What you are asked to do:
Which lines of the entries below include "units"? List them all.

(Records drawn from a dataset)

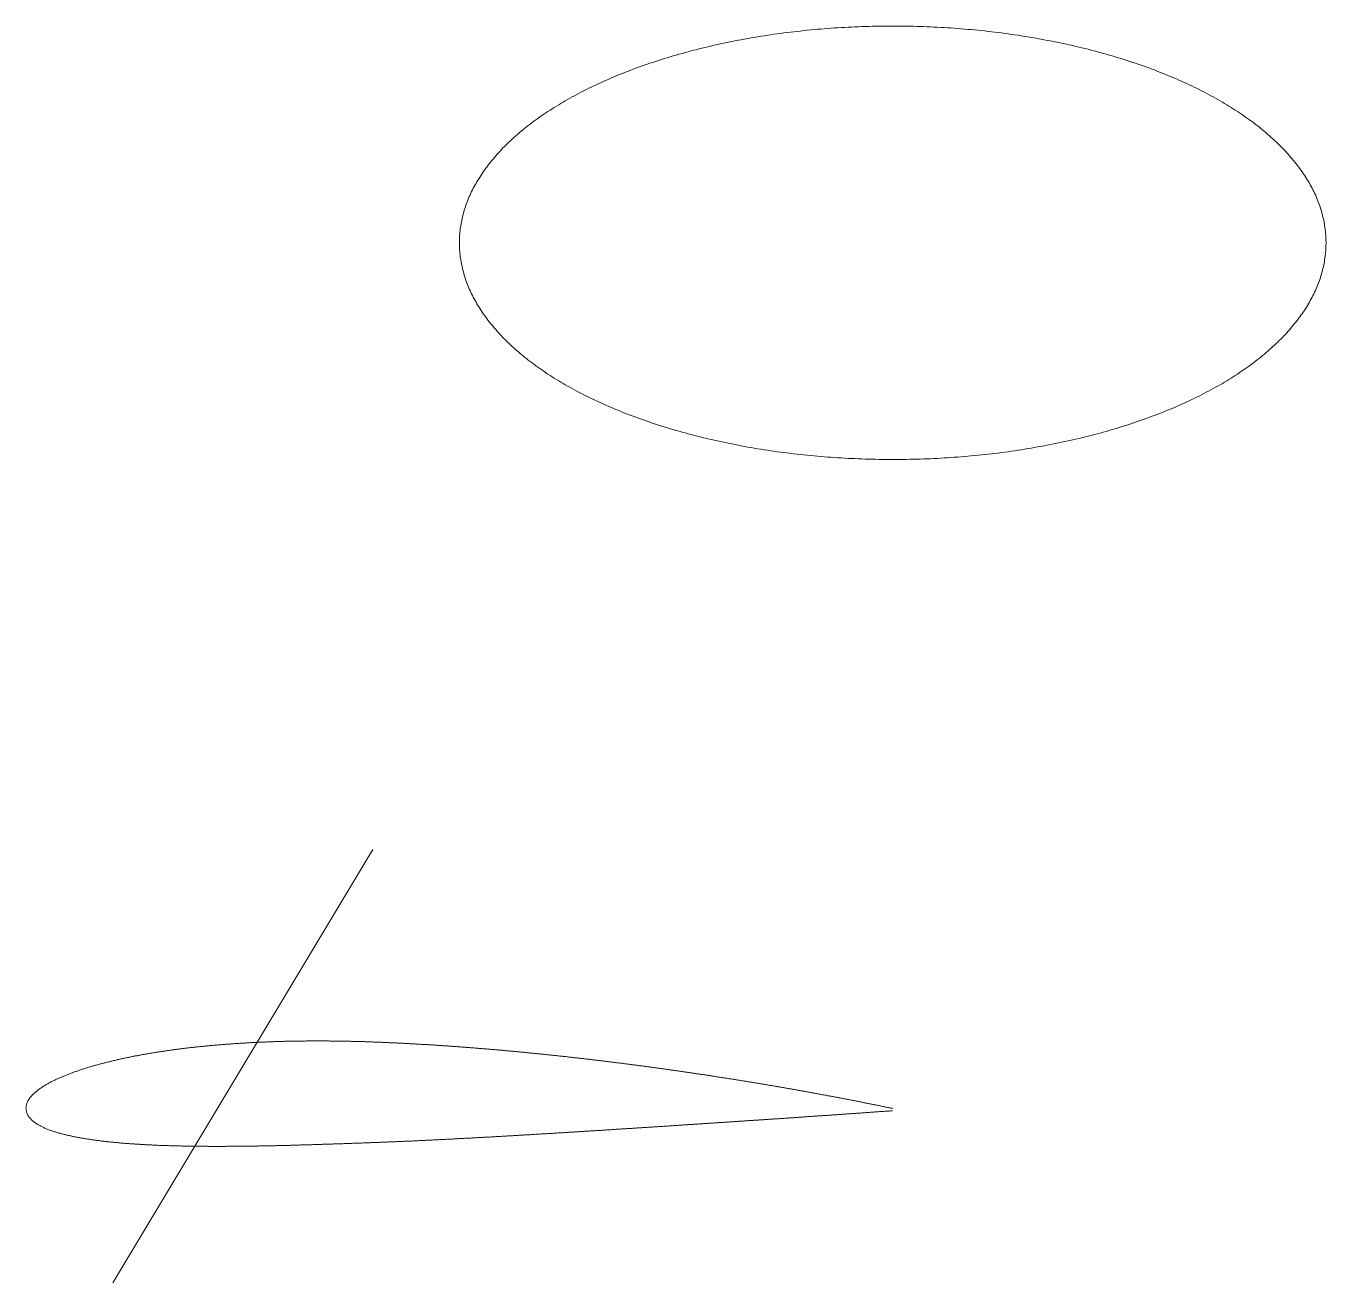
# Model space of a CAD drawing. Header units: metres. Extents: x 0 to 1.5, y -0.2 to 1.25.
import ezdxf

# ---------------------------------------------------------------- set-up
doc = ezdxf.new("R2010")
doc.units = ezdxf.units.M
doc.layers.add('layer0', color=7, linetype='Continuous', lineweight=5)

msp = doc.modelspace()

# ---------------------------------------------------------------- linework, layer by layer
at = {"layer": 'layer0', "color": 0, "lineweight": 5}
msp.add_line((0.1, -0.2), (0.4, 0.3), dxfattribs=at)
for points in [[(1.5, 1), (1.499, 1.0159), (1.496, 1.0316), (1.491, 1.0473), (1.484, 1.0628), (1.475, 1.078), (1.4642, 1.0929), (1.4515, 1.1074), (1.4369, 1.1215), (1.4206, 1.1352), (1.4026, 1.1482), (1.383, 1.1607), (1.3619, 1.1725), (1.3393, 1.1836), (1.3153, 1.194), (1.29, 1.2036), (1.2636, 1.2124), (1.2361, 1.2204), (1.2077, 1.2274), (1.1784, 1.2335), (1.1485, 1.2387), (1.1179, 1.243), (1.0868, 1.2462), (1.0554, 1.2485), (1.0238, 1.2497), (0.9921, 1.25), (0.9604, 1.2492), (0.9288, 1.2475), (0.8976, 1.2447), (0.8668, 1.241), (0.8365, 1.2363), (0.8068, 1.2306), (0.778, 1.224), (0.75, 1.2165), (0.723, 1.2081), (0.6972, 1.1989), (0.6726, 1.1889), (0.6493, 1.1782), (0.6274, 1.1667), (0.607, 1.1545), (0.5882, 1.1418), (0.571, 1.1284), (0.5556, 1.1146), (0.5419, 1.1002), (0.5302, 1.0855), (0.5203, 1.0704), (0.5123, 1.0551), (0.5063, 1.0395), (0.5023, 1.0238), (0.5003, 1.0079), (0.5003, 0.9921), (0.5023, 0.9762), (0.5063, 0.9605), (0.5123, 0.9449), (0.5203, 0.9296), (0.5302, 0.9145), (0.5419, 0.8998), (0.5556, 0.8854), (0.571, 0.8716), (0.5882, 0.8582), (0.607, 0.8455), (0.6274, 0.8333), (0.6493, 0.8218), (0.6726, 0.8111), (0.6972, 0.8011), (0.723, 0.7919), (0.75, 0.7835), (0.778, 0.776), (0.8068, 0.7694), (0.8365, 0.7637), (0.8668, 0.759), (0.8976, 0.7553), (0.9288, 0.7525), (0.9604, 0.7508), (0.9921, 0.75), (1.0238, 0.7503), (1.0554, 0.7515), (1.0868, 0.7538), (1.1179, 0.757), (1.1485, 0.7613), (1.1784, 0.7665), (1.2077, 0.7726), (1.2361, 0.7796), (1.2636, 0.7876), (1.29, 0.7964), (1.3153, 0.806), (1.3393, 0.8164), (1.3619, 0.8275), (1.383, 0.8393), (1.4026, 0.8518), (1.4206, 0.8648), (1.4369, 0.8785), (1.4515, 0.8926), (1.4642, 0.9071), (1.475, 0.922), (1.484, 0.9372), (1.491, 0.9527), (1.496, 0.9684), (1.499, 0.9841), (1.5, 1)], [(1.0001, 0.0013), (0.9981, 0.0017), (0.9961, 0.0021), (0.9941, 0.0025), (0.9921, 0.0029), (0.9901, 0.0033), (0.9881, 0.0037), (0.9861, 0.0042), (0.9841, 0.0046), (0.9821, 0.005), (0.9801, 0.0054), (0.9781, 0.0058), (0.9761, 0.0062), (0.9741, 0.0066), (0.9721, 0.007), (0.9701, 0.0074), (0.968, 0.0078), (0.966, 0.0082), (0.964, 0.0086), (0.962, 0.009), (0.96, 0.0094), (0.958, 0.0098), (0.956, 0.0102), (0.954, 0.0106), (0.952, 0.011), (0.95, 0.0113), (0.948, 0.0117), (0.946, 0.0121), (0.944, 0.0125), (0.942, 0.0129), (0.94, 0.0133), (0.938, 0.0137), (0.936, 0.014), (0.934, 0.0144), (0.9319, 0.0148), (0.9299, 0.0152), (0.9279, 0.0156), (0.9259, 0.0159), (0.9239, 0.0163), (0.9219, 0.0167), (0.9199, 0.0171), (0.9179, 0.0174), (0.9159, 0.0178), (0.9139, 0.0182), (0.9119, 0.0186), (0.9098, 0.0189), (0.9078, 0.0193), (0.9058, 0.0197), (0.9038, 0.02), (0.9018, 0.0204), (0.8998, 0.0208), (0.8978, 0.0211), (0.8958, 0.0215), (0.8938, 0.0218), (0.8918, 0.0222), (0.8897, 0.0226), (0.8877, 0.0229), (0.8857, 0.0233), (0.8837, 0.0236), (0.8817, 0.024), (0.8797, 0.0243), (0.8777, 0.0247), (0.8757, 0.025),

Expected answer:
# Model space of a CAD drawing. Header units: metres. Extents: x 0 to 1.5, y -0.2 to 1.25.
doc.units = ezdxf.units.M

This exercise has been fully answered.